EXERCISE BRIEF
Exactly as they stand, write out all of the entries again.
::::::::
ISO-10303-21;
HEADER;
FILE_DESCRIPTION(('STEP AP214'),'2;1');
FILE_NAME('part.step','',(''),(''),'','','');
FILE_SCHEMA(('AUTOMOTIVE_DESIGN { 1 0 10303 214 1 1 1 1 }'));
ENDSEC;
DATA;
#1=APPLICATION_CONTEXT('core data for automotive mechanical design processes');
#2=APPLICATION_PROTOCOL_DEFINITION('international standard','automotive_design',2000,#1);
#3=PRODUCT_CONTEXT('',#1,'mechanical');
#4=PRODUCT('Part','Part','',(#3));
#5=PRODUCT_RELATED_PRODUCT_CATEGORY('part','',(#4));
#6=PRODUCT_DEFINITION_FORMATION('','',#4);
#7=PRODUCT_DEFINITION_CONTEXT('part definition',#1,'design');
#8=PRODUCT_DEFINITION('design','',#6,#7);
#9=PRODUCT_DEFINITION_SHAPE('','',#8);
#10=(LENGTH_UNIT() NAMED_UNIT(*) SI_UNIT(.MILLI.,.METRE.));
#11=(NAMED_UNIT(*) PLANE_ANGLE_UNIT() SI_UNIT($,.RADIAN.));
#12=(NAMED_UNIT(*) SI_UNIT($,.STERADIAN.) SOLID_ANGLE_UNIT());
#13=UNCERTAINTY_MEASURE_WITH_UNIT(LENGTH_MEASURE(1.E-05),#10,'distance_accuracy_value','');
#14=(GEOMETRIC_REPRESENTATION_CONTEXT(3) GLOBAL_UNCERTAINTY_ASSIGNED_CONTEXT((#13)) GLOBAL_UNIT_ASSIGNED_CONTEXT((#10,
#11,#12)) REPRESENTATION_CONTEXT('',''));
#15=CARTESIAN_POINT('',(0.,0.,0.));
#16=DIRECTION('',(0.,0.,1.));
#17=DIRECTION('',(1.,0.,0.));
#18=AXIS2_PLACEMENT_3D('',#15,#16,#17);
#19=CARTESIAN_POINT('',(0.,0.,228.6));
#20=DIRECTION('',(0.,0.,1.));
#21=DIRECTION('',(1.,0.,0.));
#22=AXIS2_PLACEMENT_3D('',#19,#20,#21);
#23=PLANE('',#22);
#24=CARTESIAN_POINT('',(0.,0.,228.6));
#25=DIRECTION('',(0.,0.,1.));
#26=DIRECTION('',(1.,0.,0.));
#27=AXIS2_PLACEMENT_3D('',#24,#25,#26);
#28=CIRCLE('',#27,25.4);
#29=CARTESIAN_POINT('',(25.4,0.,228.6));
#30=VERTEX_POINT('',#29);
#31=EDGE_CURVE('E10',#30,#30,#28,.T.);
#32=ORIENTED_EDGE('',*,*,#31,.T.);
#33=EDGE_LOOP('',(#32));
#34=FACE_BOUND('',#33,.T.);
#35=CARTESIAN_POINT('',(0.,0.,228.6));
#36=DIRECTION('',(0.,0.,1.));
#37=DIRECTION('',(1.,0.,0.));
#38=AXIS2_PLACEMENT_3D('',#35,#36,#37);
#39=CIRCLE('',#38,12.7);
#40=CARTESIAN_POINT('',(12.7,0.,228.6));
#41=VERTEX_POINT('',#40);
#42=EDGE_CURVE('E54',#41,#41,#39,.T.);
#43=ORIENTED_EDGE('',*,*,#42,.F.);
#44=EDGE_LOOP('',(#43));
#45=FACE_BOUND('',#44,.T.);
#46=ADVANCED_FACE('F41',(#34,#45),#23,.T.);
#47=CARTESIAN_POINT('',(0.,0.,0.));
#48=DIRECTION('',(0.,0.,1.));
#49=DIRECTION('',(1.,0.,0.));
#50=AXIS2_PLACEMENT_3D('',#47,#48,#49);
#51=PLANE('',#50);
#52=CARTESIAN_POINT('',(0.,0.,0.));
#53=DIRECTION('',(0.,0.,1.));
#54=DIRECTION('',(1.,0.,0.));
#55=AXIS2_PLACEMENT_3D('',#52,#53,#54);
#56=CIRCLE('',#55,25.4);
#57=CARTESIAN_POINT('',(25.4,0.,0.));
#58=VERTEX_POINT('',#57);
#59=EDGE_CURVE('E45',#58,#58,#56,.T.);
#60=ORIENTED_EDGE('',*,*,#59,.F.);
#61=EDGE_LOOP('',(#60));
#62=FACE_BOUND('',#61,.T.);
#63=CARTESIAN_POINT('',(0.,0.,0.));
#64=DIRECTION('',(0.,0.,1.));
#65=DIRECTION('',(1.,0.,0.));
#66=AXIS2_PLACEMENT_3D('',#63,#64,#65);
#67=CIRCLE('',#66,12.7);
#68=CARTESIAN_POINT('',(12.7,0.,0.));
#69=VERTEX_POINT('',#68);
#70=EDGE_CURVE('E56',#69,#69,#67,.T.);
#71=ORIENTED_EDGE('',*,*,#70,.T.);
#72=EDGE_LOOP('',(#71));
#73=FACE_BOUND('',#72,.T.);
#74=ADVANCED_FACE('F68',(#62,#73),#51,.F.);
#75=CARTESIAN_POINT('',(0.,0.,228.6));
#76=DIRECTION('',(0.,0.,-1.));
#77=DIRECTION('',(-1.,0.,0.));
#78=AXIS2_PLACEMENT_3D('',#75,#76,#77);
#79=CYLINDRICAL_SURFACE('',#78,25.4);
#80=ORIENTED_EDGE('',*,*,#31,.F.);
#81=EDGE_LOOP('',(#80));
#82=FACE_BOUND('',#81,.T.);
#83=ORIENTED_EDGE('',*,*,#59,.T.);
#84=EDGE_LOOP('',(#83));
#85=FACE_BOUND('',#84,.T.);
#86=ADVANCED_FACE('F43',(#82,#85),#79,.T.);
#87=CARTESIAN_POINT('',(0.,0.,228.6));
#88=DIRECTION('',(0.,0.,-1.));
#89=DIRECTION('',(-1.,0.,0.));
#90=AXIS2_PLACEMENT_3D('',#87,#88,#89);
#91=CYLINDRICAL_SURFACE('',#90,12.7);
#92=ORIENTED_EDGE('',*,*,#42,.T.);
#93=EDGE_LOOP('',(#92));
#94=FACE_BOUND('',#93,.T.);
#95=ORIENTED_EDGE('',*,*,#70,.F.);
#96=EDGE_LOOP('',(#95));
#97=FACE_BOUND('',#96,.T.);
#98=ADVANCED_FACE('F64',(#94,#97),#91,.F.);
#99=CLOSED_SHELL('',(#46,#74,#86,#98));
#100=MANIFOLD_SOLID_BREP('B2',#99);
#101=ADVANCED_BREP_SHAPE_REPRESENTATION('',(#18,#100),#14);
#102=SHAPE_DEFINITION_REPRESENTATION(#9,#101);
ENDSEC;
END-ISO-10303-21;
::::::::
ANSWER SPACE
ISO-10303-21;
HEADER;
FILE_DESCRIPTION(('STEP AP214'),'2;1');
FILE_NAME('part.step','',(''),(''),'','','');
FILE_SCHEMA(('AUTOMOTIVE_DESIGN { 1 0 10303 214 1 1 1 1 }'));
ENDSEC;
DATA;
#1=APPLICATION_CONTEXT('core data for automotive mechanical design processes');
#2=APPLICATION_PROTOCOL_DEFINITION('international standard','automotive_design',2000,#1);
#3=PRODUCT_CONTEXT('',#1,'mechanical');
#4=PRODUCT('Part','Part','',(#3));
#5=PRODUCT_RELATED_PRODUCT_CATEGORY('part','',(#4));
#6=PRODUCT_DEFINITION_FORMATION('','',#4);
#7=PRODUCT_DEFINITION_CONTEXT('part definition',#1,'design');
#8=PRODUCT_DEFINITION('design','',#6,#7);
#9=PRODUCT_DEFINITION_SHAPE('','',#8);
#10=(LENGTH_UNIT() NAMED_UNIT(*) SI_UNIT(.MILLI.,.METRE.));
#11=(NAMED_UNIT(*) PLANE_ANGLE_UNIT() SI_UNIT($,.RADIAN.));
#12=(NAMED_UNIT(*) SI_UNIT($,.STERADIAN.) SOLID_ANGLE_UNIT());
#13=UNCERTAINTY_MEASURE_WITH_UNIT(LENGTH_MEASURE(1.E-05),#10,'distance_accuracy_value','');
#14=(GEOMETRIC_REPRESENTATION_CONTEXT(3) GLOBAL_UNCERTAINTY_ASSIGNED_CONTEXT((#13)) GLOBAL_UNIT_ASSIGNED_CONTEXT((#10,
#11,#12)) REPRESENTATION_CONTEXT('',''));
#15=CARTESIAN_POINT('',(0.,0.,0.));
#16=DIRECTION('',(0.,0.,1.));
#17=DIRECTION('',(1.,0.,0.));
#18=AXIS2_PLACEMENT_3D('',#15,#16,#17);
#19=CARTESIAN_POINT('',(0.,0.,228.6));
#20=DIRECTION('',(0.,0.,1.));
#21=DIRECTION('',(1.,0.,0.));
#22=AXIS2_PLACEMENT_3D('',#19,#20,#21);
#23=PLANE('',#22);
#24=CARTESIAN_POINT('',(0.,0.,228.6));
#25=DIRECTION('',(0.,0.,1.));
#26=DIRECTION('',(1.,0.,0.));
#27=AXIS2_PLACEMENT_3D('',#24,#25,#26);
#28=CIRCLE('',#27,25.4);
#29=CARTESIAN_POINT('',(25.4,0.,228.6));
#30=VERTEX_POINT('',#29);
#31=EDGE_CURVE('E10',#30,#30,#28,.T.);
#32=ORIENTED_EDGE('',*,*,#31,.T.);
#33=EDGE_LOOP('',(#32));
#34=FACE_BOUND('',#33,.T.);
#35=CARTESIAN_POINT('',(0.,0.,228.6));
#36=DIRECTION('',(0.,0.,1.));
#37=DIRECTION('',(1.,0.,0.));
#38=AXIS2_PLACEMENT_3D('',#35,#36,#37);
#39=CIRCLE('',#38,12.7);
#40=CARTESIAN_POINT('',(12.7,0.,228.6));
#41=VERTEX_POINT('',#40);
#42=EDGE_CURVE('E54',#41,#41,#39,.T.);
#43=ORIENTED_EDGE('',*,*,#42,.F.);
#44=EDGE_LOOP('',(#43));
#45=FACE_BOUND('',#44,.T.);
#46=ADVANCED_FACE('F41',(#34,#45),#23,.T.);
#47=CARTESIAN_POINT('',(0.,0.,0.));
#48=DIRECTION('',(0.,0.,1.));
#49=DIRECTION('',(1.,0.,0.));
#50=AXIS2_PLACEMENT_3D('',#47,#48,#49);
#51=PLANE('',#50);
#52=CARTESIAN_POINT('',(0.,0.,0.));
#53=DIRECTION('',(0.,0.,1.));
#54=DIRECTION('',(1.,0.,0.));
#55=AXIS2_PLACEMENT_3D('',#52,#53,#54);
#56=CIRCLE('',#55,25.4);
#57=CARTESIAN_POINT('',(25.4,0.,0.));
#58=VERTEX_POINT('',#57);
#59=EDGE_CURVE('E45',#58,#58,#56,.T.);
#60=ORIENTED_EDGE('',*,*,#59,.F.);
#61=EDGE_LOOP('',(#60));
#62=FACE_BOUND('',#61,.T.);
#63=CARTESIAN_POINT('',(0.,0.,0.));
#64=DIRECTION('',(0.,0.,1.));
#65=DIRECTION('',(1.,0.,0.));
#66=AXIS2_PLACEMENT_3D('',#63,#64,#65);
#67=CIRCLE('',#66,12.7);
#68=CARTESIAN_POINT('',(12.7,0.,0.));
#69=VERTEX_POINT('',#68);
#70=EDGE_CURVE('E56',#69,#69,#67,.T.);
#71=ORIENTED_EDGE('',*,*,#70,.T.);
#72=EDGE_LOOP('',(#71));
#73=FACE_BOUND('',#72,.T.);
#74=ADVANCED_FACE('F68',(#62,#73),#51,.F.);
#75=CARTESIAN_POINT('',(0.,0.,228.6));
#76=DIRECTION('',(0.,0.,-1.));
#77=DIRECTION('',(-1.,0.,0.));
#78=AXIS2_PLACEMENT_3D('',#75,#76,#77);
#79=CYLINDRICAL_SURFACE('',#78,25.4);
#80=ORIENTED_EDGE('',*,*,#31,.F.);
#81=EDGE_LOOP('',(#80));
#82=FACE_BOUND('',#81,.T.);
#83=ORIENTED_EDGE('',*,*,#59,.T.);
#84=EDGE_LOOP('',(#83));
#85=FACE_BOUND('',#84,.T.);
#86=ADVANCED_FACE('F43',(#82,#85),#79,.T.);
#87=CARTESIAN_POINT('',(0.,0.,228.6));
#88=DIRECTION('',(0.,0.,-1.));
#89=DIRECTION('',(-1.,0.,0.));
#90=AXIS2_PLACEMENT_3D('',#87,#88,#89);
#91=CYLINDRICAL_SURFACE('',#90,12.7);
#92=ORIENTED_EDGE('',*,*,#42,.T.);
#93=EDGE_LOOP('',(#92));
#94=FACE_BOUND('',#93,.T.);
#95=ORIENTED_EDGE('',*,*,#70,.F.);
#96=EDGE_LOOP('',(#95));
#97=FACE_BOUND('',#96,.T.);
#98=ADVANCED_FACE('F64',(#94,#97),#91,.F.);
#99=CLOSED_SHELL('',(#46,#74,#86,#98));
#100=MANIFOLD_SOLID_BREP('B2',#99);
#101=ADVANCED_BREP_SHAPE_REPRESENTATION('',(#18,#100),#14);
#102=SHAPE_DEFINITION_REPRESENTATION(#9,#101);
ENDSEC;
END-ISO-10303-21;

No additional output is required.